Hidden city ticketing – new controversy over an old way to cut fares



Hidden city ticketing – new controversy over an old way to cut fares

Illogical airline rules mean it can sometimes be cheaper to buy a ticket for, say, New York-London-Frankfurt than New York-London, and simply not fly the second leg of the journey. Now an airline is trying to stop a website which shows travellers how to do it. Who’s right and who’s wrong?

New Yorker Aktarer Zaman is only 22 years old  but in the US he has become a minor business celebrity. Zaman’s claim to fame is that United Airlines and the online travel agency Orbitz sued him for running a website called Skiplagged that helps travellers find cheap fares by using hidden city ticketing. He has appeared in the press and on national television news programmes, and has raised $75,000 in private donations to help fund his defence.

Ironically, hidden city ticketing is a technique that has been used for decades by travel professionals. It is based on an oddity of airline pricing that sometimes a ticket from City A to City B can cost more than a two-legged ticket from City A to City B to City C. 
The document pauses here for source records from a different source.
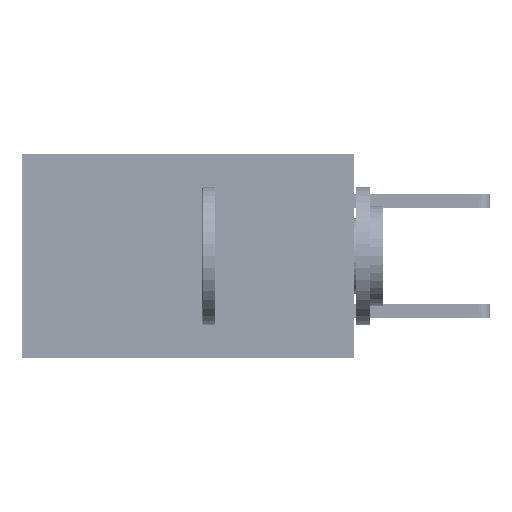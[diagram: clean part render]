
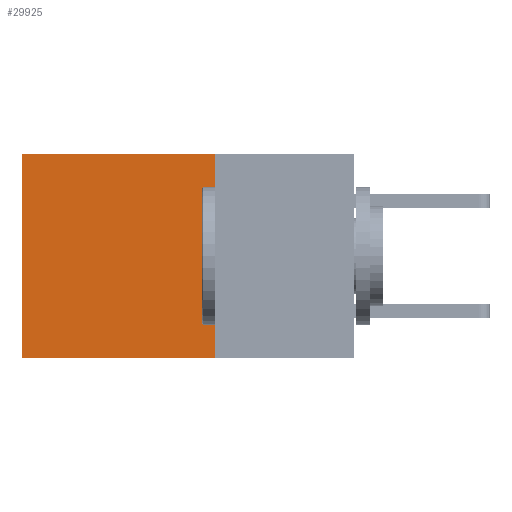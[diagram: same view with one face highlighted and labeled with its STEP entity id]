
A CAD part, left-side view. The second image highlights one B-rep face of the part: STEP entity #29925.
In plain terms, the highlighted planar face has unit normal (-1, 0, 0).
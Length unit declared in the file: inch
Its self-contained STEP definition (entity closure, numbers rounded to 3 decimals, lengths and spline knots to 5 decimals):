
#314 = CARTESIAN_POINT ( 'NONE',  ( 0.2875, 0.6, 0. ) ) ;
#1520 = PLANE ( 'NONE',  #20075 ) ;
#2114 = LINE ( 'NONE', #35898, #6044 ) ;
#5835 = DIRECTION ( 'NONE',  ( 0., 0., -1. ) ) ;
#6044 = VECTOR ( 'NONE', #5835, 39.37008 ) ;
#6503 = EDGE_CURVE ( 'NONE', #14254, #11322, #41241, .T. ) ;
#7307 = EDGE_LOOP ( 'NONE', ( #42453, #14765, #10799, #31300 ) ) ;
#10567 = EDGE_CURVE ( 'NONE', #11322, #31192, #21449, .T. ) ;
#10799 = ORIENTED_EDGE ( 'NONE', *, *, #19064, .F. ) ;
#11322 = VERTEX_POINT ( 'NONE', #314 ) ;
#12222 = CARTESIAN_POINT ( 'NONE',  ( 0.2875, 0.25, -0.37 ) ) ;
#12413 = VECTOR ( 'NONE', #21192, 39.37008 ) ;
#14254 = VERTEX_POINT ( 'NONE', #15453 ) ;
#14443 = CARTESIAN_POINT ( 'NONE',  ( 0.2875, 0.6, 0. ) ) ;
#14765 = ORIENTED_EDGE ( 'NONE', *, *, #35927, .F. ) ;
#14900 = DIRECTION ( 'NONE',  ( 0., 0., -1. ) ) ;
#15453 = CARTESIAN_POINT ( 'NONE',  ( 0.2875, 0.25, 0. ) ) ;
#18473 = VECTOR ( 'NONE', #34837, 39.37008 ) ;
#19064 = EDGE_CURVE ( 'NONE', #14254, #21073, #2114, .T. ) ;
#20075 = AXIS2_PLACEMENT_3D ( 'NONE', #24564, #41232, #14900 ) ;
#21073 = VERTEX_POINT ( 'NONE', #12222 ) ;
#21192 = DIRECTION ( 'NONE',  ( 0., 1., 0. ) ) ;
#21449 = LINE ( 'NONE', #14443, #18473 ) ;
#21831 = CARTESIAN_POINT ( 'NONE',  ( 0.2875, 0.25, -0.37 ) ) ;
#24564 = CARTESIAN_POINT ( 'NONE',  ( 0.2875, 0.25, 0. ) ) ;
#24686 = LINE ( 'NONE', #21831, #12413 ) ;
#24774 = FACE_OUTER_BOUND ( 'NONE', #7307, .T. ) ;
#29925 = ADVANCED_FACE ( 'NONE', ( #24774 ), #1520, .F. ) ;
#31192 = VERTEX_POINT ( 'NONE', #35095 ) ;
#31300 = ORIENTED_EDGE ( 'NONE', *, *, #6503, .T. ) ;
#34668 = CARTESIAN_POINT ( 'NONE',  ( 0.2875, 0.25, 0. ) ) ;
#34837 = DIRECTION ( 'NONE',  ( 0., 0., -1. ) ) ;
#35095 = CARTESIAN_POINT ( 'NONE',  ( 0.2875, 0.6, -0.37 ) ) ;
#35898 = CARTESIAN_POINT ( 'NONE',  ( 0.2875, 0.25, 0. ) ) ;
#35927 = EDGE_CURVE ( 'NONE', #21073, #31192, #24686, .T. ) ;
#40122 = VECTOR ( 'NONE', #41454, 39.37008 ) ;
#41232 = DIRECTION ( 'NONE',  ( 1., 0., 0. ) ) ;
#41241 = LINE ( 'NONE', #34668, #40122 ) ;
#41454 = DIRECTION ( 'NONE',  ( 0., 1., 0. ) ) ;
#42453 = ORIENTED_EDGE ( 'NONE', *, *, #10567, .T. ) ;

An article in The Economist on 12 January 2015 (“Airlines to public: please ignore this blog post”) included a real-life example where Atlanta-Cincinnati on Delta Air Lines cost $255 but Atlanta-Cincinnati-Dallas Fort Worth on the same carrier cost $197. In this example, a traveller could buy the cheaper ticket and fly to Cincinnati but not board the onward flight to DFW. Also cited was San Francisco-Detroit with an unspecified onward “hidden city” destination for $203 instead of $731 for a simple A to B ticket.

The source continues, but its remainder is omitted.